Парень лежит ногами ко входу, сверкая голыми серыми пятками. Лица не видно. Видны только коротко стриженный затылок, широкая мускулистая спина с глубокой ложбинкой вдоль позвоночника и большое зеленое пятно на правом плече. Не шевелится — похоже, что спит.
Я сажусь между окном и шкафом, так что меня не видно, и принимаюсь за бинты.
Клавдия Михайловна подходит к кипятильнику. Одна из сестер натирает раненому плечо кусочком марли.
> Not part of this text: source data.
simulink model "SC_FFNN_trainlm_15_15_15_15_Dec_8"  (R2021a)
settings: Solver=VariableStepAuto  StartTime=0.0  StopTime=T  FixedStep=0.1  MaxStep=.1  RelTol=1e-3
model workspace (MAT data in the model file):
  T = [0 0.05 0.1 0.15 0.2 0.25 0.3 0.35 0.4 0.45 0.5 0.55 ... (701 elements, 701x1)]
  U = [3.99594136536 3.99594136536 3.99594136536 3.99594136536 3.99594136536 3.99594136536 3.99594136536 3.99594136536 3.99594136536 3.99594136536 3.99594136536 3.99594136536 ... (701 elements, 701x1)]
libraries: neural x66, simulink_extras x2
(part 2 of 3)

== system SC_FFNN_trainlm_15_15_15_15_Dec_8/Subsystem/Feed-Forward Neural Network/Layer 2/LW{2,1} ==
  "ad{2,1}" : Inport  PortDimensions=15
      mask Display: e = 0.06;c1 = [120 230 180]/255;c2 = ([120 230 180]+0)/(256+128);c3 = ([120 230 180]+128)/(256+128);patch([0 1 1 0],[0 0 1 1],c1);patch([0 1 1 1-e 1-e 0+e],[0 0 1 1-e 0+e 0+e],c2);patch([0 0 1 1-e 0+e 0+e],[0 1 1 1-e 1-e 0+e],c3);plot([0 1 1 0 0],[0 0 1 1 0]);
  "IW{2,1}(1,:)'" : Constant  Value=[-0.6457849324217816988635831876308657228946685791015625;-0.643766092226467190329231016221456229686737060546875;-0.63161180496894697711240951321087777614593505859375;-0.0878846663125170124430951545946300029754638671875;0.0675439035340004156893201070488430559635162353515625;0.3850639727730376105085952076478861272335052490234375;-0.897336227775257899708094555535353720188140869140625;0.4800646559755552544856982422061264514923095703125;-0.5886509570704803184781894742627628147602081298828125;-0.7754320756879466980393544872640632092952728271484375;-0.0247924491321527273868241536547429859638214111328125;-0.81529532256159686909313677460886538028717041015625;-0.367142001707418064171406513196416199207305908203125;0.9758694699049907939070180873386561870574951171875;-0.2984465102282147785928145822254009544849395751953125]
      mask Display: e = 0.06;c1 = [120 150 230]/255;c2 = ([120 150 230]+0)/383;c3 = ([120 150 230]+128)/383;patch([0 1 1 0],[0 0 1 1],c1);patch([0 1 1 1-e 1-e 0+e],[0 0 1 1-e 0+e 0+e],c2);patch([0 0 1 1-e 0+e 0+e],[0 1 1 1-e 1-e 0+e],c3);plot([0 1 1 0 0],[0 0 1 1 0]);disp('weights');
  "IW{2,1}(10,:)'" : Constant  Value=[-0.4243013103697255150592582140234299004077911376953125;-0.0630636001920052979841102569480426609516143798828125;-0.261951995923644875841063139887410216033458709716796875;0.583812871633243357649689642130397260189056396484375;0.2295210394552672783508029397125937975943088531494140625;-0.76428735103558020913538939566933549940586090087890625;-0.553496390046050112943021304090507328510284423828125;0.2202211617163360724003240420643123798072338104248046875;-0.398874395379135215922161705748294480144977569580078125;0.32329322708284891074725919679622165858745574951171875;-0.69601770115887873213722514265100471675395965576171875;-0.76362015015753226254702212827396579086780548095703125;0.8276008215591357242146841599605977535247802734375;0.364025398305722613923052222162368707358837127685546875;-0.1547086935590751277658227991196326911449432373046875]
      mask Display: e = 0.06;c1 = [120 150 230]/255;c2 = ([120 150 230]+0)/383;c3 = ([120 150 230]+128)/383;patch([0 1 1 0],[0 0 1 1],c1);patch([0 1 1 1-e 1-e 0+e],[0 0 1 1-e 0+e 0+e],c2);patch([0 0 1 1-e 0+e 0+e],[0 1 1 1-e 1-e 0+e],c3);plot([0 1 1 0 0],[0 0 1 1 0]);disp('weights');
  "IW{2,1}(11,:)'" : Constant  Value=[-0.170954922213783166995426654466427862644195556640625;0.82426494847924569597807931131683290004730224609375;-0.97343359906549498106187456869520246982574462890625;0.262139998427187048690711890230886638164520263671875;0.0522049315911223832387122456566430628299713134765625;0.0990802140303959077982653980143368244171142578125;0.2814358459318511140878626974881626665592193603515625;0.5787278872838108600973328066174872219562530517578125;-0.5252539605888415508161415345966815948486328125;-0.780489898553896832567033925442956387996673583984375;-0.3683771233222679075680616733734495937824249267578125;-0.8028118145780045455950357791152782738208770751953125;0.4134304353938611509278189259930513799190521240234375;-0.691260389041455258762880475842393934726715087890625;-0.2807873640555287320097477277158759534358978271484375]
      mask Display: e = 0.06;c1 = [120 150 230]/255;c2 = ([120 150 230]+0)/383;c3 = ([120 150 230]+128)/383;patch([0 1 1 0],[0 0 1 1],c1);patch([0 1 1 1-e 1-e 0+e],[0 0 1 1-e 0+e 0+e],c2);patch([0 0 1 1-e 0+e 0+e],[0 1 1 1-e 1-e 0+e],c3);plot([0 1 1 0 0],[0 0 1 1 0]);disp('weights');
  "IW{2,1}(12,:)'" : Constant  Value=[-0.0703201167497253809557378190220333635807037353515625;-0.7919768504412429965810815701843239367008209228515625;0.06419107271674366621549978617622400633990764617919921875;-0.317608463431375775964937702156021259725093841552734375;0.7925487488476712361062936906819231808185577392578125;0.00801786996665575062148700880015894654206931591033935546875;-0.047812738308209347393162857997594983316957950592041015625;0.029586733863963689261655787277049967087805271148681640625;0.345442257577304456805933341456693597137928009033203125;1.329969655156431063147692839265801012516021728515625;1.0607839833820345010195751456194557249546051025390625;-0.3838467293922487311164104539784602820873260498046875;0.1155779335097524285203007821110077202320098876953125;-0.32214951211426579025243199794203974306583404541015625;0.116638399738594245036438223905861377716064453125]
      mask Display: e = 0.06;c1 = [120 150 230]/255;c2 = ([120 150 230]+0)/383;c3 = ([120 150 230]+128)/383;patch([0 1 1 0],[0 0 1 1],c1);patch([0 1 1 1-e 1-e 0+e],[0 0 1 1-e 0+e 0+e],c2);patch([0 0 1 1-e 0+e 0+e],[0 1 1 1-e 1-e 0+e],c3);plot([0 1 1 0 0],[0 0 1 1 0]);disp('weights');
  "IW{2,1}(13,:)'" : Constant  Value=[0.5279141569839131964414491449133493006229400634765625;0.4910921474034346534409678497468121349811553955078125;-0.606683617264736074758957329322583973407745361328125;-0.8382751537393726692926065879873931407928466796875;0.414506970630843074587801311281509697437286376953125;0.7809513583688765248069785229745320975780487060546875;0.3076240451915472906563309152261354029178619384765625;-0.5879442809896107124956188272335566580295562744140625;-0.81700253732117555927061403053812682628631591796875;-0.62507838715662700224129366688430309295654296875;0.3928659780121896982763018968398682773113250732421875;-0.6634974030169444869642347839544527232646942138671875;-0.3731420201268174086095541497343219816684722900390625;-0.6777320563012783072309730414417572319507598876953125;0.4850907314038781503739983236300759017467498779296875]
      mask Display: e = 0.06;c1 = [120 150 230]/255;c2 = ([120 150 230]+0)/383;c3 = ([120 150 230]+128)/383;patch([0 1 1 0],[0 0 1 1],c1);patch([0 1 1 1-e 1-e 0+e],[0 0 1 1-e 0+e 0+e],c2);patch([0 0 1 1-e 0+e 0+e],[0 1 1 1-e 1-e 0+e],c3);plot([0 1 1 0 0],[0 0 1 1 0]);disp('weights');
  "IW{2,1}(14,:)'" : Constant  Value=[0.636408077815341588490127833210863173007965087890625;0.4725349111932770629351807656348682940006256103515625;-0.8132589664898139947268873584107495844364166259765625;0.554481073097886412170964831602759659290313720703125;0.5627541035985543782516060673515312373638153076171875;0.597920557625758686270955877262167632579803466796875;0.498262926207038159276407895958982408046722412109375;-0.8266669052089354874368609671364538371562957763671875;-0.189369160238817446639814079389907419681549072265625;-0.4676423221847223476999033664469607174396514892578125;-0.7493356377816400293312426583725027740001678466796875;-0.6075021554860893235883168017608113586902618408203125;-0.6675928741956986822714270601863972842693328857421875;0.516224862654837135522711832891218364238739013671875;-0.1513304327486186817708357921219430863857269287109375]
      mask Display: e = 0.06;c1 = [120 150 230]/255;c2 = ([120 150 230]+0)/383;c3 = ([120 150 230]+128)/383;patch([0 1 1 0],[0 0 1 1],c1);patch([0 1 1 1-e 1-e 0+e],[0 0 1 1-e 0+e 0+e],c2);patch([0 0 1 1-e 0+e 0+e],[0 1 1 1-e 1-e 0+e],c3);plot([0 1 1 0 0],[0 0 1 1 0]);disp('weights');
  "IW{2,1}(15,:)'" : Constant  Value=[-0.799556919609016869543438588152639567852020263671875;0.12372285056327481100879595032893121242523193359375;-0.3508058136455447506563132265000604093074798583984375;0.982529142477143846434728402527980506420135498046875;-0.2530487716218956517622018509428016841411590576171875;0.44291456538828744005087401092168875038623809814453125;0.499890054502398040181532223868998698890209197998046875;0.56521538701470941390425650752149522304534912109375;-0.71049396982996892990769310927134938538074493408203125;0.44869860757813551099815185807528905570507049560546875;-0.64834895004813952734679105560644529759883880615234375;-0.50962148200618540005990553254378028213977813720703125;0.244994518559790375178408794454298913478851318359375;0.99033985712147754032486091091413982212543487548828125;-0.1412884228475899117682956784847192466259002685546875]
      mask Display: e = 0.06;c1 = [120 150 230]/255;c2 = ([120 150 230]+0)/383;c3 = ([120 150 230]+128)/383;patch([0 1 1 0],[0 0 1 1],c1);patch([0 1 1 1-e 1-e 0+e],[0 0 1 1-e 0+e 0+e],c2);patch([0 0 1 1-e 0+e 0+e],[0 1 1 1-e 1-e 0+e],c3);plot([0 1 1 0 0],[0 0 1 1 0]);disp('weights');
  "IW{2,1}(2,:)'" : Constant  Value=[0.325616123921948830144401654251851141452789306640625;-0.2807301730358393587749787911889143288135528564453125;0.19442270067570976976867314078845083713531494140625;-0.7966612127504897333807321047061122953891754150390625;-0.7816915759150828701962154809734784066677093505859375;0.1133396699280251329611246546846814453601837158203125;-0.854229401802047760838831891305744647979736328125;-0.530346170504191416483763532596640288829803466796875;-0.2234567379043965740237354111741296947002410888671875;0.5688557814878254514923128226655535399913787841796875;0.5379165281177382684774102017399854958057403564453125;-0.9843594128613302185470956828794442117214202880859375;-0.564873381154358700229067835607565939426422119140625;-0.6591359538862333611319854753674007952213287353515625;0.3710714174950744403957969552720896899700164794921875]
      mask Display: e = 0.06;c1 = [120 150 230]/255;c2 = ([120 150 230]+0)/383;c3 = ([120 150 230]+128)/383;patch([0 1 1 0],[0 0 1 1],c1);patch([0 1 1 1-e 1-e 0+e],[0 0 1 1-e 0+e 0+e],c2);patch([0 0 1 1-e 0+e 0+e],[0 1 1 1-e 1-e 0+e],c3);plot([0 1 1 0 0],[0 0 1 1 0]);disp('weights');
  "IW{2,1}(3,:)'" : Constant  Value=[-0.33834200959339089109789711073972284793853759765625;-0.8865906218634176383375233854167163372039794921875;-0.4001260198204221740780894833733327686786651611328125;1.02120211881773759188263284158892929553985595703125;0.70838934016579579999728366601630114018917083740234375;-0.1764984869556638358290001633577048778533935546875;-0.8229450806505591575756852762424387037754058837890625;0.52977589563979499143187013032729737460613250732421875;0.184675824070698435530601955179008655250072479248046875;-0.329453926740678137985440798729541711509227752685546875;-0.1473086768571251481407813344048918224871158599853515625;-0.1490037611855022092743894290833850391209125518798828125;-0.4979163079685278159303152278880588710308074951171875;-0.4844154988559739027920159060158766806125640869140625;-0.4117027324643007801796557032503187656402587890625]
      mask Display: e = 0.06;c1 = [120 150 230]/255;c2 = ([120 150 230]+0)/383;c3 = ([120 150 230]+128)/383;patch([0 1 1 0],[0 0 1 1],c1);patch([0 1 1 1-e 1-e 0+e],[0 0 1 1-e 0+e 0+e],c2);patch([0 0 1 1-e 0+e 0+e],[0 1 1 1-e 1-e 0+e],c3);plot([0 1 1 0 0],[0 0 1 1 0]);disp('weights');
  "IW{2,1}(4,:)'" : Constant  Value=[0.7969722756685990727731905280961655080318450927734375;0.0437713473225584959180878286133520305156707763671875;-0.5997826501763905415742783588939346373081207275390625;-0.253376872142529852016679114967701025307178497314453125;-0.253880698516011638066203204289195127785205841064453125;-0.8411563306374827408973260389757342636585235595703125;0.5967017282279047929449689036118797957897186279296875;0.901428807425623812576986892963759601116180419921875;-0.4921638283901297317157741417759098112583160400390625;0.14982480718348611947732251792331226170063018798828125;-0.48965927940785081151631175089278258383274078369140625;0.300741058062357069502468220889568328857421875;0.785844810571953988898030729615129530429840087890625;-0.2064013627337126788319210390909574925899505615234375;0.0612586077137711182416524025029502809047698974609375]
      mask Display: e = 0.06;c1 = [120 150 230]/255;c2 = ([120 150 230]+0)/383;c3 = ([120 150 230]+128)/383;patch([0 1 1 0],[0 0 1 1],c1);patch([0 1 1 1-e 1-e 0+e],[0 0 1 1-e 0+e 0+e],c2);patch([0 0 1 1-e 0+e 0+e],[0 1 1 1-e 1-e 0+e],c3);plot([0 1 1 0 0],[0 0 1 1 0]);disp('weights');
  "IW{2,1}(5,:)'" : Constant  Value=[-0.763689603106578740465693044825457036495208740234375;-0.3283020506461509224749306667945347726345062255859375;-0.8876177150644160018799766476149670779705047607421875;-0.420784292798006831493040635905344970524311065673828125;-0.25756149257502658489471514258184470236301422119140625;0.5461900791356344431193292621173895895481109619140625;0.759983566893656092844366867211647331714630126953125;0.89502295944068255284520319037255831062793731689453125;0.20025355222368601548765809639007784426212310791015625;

Вера Афанасьевна протягивает руку в темной резиновой перчатке и говорит: "Скальпель" — тихо и отрывисто…
Вся операция длится не больше семи-восьми минут. Скальпель рассекает кожу, мышцы, маленькая струйка крови стекает в поставленный на полу таз, блестящие щипчики, ухватившись за края кожи, раздирают рану, и Вера Афанасьевна прямо пальцем влезает в нее — красную, большую теперь и кровоточащую. Серые пятки вздрагивают, одна нога быстро сгибается и сразу же выпрямляется, слегка дрожа, на спине напрягаются мускулы, но ни единого движения, ни единого звука больной не издает. Лоб Веры Афанасьевны — кроме него и глаз ничего не видно, закрыто марлей — бледнее обычного. Брови сдвинуты. Она ищет пулю, медленно вращая пальцем в ране. Напряженная тишина. Слышно только, как прерывисто дышит раненый.
— Сухо! — в руках у Веры Афанасьевны что-то маленькое и красное.